We again sojourned Old San Juan. Highlights included Constitution Avenue, on which we saw the Athens Club, the oldest education and cultural organization in Puerto Rico, the Spanish Heritage Center, the Carnegie Library, and the White House which is Puerto Rico‘s seat of government. On the opposite side of Constitution Avenue from the White House are a line of life-size bronze statues, Presidents of the United States who have visited Puerto Rico beginning with Theodore Roosevelt. It was noteworthy to see which presidents were represented, but sad to realize which presidents were absent. My impression is that Puerto Rico received much more attention in the first half of the 20th century than the last half of the 20th century and the early 21st-century. There is a gap between the statues of presidents Gerard Ford and Barack Obama representing over 3 decades.

We toured Castillo San Cristobal, a Spanish fortification the construction of which began 500 years ago. It was expanded over the next 250+ years and is renowned as one of the worlds finest examples of pre-modern military defenses. It is a World Heritage site managed by the United States National Park Service. Our “geezer passes” saved us $14 in admission fees! The resources that Spain dedicated to the fort over the centuries is a tribute to the strategic value of Puerto Rico for colonial expansion into both North and South America. It and Puerto Rico were ceded to the United States by Spain’s surrender in 1898 concluding the Spanish-American war.

We enjoyed a light lunch in the oldest restaurant in PR.

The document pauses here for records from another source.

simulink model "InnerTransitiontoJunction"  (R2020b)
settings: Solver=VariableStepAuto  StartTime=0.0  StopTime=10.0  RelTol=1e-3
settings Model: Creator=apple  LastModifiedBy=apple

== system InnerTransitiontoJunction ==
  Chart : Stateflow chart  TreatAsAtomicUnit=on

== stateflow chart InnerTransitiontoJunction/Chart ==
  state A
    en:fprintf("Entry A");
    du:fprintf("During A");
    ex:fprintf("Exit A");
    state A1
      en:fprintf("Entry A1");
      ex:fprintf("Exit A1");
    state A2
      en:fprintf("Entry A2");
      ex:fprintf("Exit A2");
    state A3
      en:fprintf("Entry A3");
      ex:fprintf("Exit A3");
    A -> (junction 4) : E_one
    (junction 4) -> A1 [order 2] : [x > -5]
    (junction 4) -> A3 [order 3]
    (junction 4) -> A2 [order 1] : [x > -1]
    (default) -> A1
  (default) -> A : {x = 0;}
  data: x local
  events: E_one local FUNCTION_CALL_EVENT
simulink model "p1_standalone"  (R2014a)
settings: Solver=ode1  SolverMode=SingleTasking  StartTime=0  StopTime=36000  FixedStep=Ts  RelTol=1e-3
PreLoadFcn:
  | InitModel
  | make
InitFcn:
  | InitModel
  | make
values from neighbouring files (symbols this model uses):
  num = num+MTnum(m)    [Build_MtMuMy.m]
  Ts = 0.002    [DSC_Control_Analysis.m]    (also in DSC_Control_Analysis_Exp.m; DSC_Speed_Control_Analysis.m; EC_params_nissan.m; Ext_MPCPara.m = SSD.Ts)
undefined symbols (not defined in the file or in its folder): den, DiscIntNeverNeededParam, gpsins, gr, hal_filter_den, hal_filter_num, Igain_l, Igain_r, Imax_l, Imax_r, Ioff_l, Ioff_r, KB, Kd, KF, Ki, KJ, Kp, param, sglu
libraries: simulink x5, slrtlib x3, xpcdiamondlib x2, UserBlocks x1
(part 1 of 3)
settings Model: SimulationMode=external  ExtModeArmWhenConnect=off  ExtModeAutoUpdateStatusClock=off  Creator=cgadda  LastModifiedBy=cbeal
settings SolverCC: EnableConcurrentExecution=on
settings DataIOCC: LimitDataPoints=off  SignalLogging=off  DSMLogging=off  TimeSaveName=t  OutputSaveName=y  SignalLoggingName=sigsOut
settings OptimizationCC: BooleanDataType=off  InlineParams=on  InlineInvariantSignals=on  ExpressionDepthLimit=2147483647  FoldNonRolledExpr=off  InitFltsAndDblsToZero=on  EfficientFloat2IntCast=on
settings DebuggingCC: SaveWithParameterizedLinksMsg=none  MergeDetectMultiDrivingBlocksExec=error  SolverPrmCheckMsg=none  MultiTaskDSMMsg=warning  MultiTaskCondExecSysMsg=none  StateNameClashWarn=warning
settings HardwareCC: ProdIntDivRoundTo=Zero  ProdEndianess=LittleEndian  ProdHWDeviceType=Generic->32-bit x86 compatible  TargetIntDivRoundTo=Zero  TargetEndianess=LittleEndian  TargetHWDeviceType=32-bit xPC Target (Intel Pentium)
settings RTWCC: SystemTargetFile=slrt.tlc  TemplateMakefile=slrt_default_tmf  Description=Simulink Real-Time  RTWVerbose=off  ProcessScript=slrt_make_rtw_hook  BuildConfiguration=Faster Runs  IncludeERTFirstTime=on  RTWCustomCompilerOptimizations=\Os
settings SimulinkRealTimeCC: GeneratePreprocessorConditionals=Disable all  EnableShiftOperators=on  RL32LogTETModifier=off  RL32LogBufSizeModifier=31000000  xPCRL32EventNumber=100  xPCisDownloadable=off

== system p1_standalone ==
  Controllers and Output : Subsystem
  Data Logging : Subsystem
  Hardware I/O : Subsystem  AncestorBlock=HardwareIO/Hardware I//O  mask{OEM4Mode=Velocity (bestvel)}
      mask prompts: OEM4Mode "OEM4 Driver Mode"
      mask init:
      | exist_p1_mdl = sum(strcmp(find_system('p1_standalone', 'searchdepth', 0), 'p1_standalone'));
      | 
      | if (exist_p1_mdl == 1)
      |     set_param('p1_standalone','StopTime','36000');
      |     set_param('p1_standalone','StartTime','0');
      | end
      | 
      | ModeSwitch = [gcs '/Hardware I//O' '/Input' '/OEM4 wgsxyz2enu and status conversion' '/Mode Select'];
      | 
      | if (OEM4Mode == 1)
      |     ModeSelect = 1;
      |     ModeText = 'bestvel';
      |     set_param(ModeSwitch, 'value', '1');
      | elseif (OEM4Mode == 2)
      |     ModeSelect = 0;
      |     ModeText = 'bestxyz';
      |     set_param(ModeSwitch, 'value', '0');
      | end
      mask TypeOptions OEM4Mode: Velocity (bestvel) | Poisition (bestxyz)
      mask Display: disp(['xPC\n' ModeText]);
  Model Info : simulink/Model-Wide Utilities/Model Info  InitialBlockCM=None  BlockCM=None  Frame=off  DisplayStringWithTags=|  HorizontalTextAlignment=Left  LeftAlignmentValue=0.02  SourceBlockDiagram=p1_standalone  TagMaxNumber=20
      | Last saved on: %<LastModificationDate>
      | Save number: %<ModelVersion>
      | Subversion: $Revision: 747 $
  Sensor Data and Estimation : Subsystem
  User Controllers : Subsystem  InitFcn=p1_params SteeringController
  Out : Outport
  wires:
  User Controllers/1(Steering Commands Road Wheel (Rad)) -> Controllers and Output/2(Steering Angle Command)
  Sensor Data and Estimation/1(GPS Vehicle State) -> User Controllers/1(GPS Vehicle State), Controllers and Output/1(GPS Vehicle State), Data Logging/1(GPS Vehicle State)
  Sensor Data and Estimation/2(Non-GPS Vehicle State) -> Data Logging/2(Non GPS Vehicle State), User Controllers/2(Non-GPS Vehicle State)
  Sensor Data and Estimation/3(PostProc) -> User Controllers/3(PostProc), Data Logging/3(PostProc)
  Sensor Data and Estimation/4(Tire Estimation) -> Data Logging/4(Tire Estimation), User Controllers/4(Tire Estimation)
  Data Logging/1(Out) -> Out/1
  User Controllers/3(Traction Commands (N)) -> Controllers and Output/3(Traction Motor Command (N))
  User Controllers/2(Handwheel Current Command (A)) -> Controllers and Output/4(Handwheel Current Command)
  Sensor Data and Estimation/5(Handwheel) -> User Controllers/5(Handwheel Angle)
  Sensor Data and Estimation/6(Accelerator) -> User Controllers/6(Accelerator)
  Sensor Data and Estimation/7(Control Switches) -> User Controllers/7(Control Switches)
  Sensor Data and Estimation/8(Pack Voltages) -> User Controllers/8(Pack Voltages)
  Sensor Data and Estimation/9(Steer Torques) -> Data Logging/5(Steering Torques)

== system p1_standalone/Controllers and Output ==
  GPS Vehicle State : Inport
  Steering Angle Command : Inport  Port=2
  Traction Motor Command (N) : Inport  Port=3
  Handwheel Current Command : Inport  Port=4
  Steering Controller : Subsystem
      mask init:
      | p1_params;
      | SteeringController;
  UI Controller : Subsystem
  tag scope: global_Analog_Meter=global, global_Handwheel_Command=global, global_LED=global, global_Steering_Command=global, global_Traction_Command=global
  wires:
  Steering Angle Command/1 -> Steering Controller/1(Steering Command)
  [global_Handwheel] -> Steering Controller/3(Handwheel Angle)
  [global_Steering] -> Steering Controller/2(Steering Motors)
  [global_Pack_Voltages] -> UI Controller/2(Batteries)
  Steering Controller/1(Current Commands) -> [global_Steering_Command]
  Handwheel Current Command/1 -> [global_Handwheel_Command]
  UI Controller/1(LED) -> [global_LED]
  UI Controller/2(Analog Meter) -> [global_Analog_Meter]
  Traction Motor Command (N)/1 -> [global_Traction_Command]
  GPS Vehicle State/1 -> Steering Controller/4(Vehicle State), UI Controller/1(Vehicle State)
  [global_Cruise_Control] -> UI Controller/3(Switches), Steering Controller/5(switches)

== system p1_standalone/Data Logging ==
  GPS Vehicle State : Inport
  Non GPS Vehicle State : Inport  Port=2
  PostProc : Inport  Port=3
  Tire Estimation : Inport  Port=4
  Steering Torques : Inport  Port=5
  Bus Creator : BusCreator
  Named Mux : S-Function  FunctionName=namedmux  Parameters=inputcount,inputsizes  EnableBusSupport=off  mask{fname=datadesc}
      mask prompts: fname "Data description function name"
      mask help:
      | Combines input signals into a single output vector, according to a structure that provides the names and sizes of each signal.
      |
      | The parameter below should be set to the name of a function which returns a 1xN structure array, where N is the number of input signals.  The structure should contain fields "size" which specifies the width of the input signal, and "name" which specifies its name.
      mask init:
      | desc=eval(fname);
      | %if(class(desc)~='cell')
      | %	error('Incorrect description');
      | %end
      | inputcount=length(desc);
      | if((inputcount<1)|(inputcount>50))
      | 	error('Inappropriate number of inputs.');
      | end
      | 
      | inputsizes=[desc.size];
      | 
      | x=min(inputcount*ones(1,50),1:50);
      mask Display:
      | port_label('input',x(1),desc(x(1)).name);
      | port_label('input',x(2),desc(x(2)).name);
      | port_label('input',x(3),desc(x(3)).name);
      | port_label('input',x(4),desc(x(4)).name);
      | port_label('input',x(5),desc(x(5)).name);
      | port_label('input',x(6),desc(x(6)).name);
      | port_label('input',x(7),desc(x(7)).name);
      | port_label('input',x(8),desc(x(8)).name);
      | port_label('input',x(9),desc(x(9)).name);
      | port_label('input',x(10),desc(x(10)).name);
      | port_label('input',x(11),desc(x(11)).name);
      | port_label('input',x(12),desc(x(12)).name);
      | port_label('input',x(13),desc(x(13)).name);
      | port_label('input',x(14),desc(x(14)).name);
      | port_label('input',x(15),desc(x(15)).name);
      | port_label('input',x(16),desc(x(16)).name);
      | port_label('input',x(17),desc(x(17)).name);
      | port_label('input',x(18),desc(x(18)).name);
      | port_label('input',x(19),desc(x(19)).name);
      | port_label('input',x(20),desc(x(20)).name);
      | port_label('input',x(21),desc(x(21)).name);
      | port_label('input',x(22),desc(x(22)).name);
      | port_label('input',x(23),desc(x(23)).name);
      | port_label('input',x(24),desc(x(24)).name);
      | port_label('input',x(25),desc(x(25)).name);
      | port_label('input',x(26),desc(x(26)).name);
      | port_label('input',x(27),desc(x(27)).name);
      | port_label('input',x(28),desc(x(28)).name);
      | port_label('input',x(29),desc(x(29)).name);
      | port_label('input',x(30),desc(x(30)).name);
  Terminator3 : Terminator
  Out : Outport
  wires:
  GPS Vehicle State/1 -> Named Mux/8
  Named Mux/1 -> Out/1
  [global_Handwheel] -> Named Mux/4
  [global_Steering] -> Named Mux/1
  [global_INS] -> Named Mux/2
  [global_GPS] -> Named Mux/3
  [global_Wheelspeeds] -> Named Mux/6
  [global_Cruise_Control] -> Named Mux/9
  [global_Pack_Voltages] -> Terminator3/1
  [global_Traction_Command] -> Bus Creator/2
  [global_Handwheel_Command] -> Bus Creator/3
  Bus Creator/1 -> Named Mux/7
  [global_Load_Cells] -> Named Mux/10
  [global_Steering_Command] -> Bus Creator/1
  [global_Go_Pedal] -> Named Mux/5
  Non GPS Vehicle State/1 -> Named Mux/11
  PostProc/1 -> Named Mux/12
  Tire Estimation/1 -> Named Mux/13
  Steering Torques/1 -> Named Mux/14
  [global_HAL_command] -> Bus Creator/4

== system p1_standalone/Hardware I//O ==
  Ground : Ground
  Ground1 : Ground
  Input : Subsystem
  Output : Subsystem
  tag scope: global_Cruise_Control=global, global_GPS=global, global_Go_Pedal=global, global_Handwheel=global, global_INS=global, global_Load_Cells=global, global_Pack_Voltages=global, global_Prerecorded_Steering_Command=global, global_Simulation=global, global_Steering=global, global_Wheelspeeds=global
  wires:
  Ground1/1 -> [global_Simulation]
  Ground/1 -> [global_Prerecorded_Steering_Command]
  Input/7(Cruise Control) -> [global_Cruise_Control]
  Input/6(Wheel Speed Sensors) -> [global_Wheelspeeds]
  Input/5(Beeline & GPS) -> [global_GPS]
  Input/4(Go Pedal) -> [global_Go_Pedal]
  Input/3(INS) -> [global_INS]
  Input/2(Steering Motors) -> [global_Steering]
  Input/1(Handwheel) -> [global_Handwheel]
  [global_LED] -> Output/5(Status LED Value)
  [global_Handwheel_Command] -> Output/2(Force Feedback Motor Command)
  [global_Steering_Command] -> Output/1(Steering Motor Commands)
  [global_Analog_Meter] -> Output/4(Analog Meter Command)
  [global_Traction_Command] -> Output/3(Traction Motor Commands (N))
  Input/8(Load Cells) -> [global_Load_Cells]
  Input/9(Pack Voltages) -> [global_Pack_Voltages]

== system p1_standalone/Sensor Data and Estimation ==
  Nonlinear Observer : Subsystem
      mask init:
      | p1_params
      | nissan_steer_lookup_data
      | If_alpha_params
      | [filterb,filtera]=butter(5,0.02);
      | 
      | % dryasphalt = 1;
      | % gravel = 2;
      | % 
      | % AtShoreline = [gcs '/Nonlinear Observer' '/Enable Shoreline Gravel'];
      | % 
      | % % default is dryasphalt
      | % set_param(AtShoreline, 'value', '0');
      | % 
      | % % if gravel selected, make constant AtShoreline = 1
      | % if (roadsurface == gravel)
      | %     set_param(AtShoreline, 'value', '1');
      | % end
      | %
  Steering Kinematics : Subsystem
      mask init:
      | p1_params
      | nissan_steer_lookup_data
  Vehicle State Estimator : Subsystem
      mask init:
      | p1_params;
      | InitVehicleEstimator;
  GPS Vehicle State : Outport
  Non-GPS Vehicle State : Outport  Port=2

On the way back to our B&B, on one of the narrow connecting avenues, we encountered talented street musicians who had drawn an enthusiastic crowd of thirsty and hungry locals. Taverns on opposite sides of the street were the clear beneficiaries, serving hot homemade Caribbean foods and cold Puerto Rico brews. I am a fan of Magna, a full-bodied lager… 2 for $5 at the street music venue!

It’s 5pm, and I’m taking the opportunity to write these notes while Christine takes a rest. We will be heading out for dinner soon. No destination in mind as luck seems to favor our random wanderings.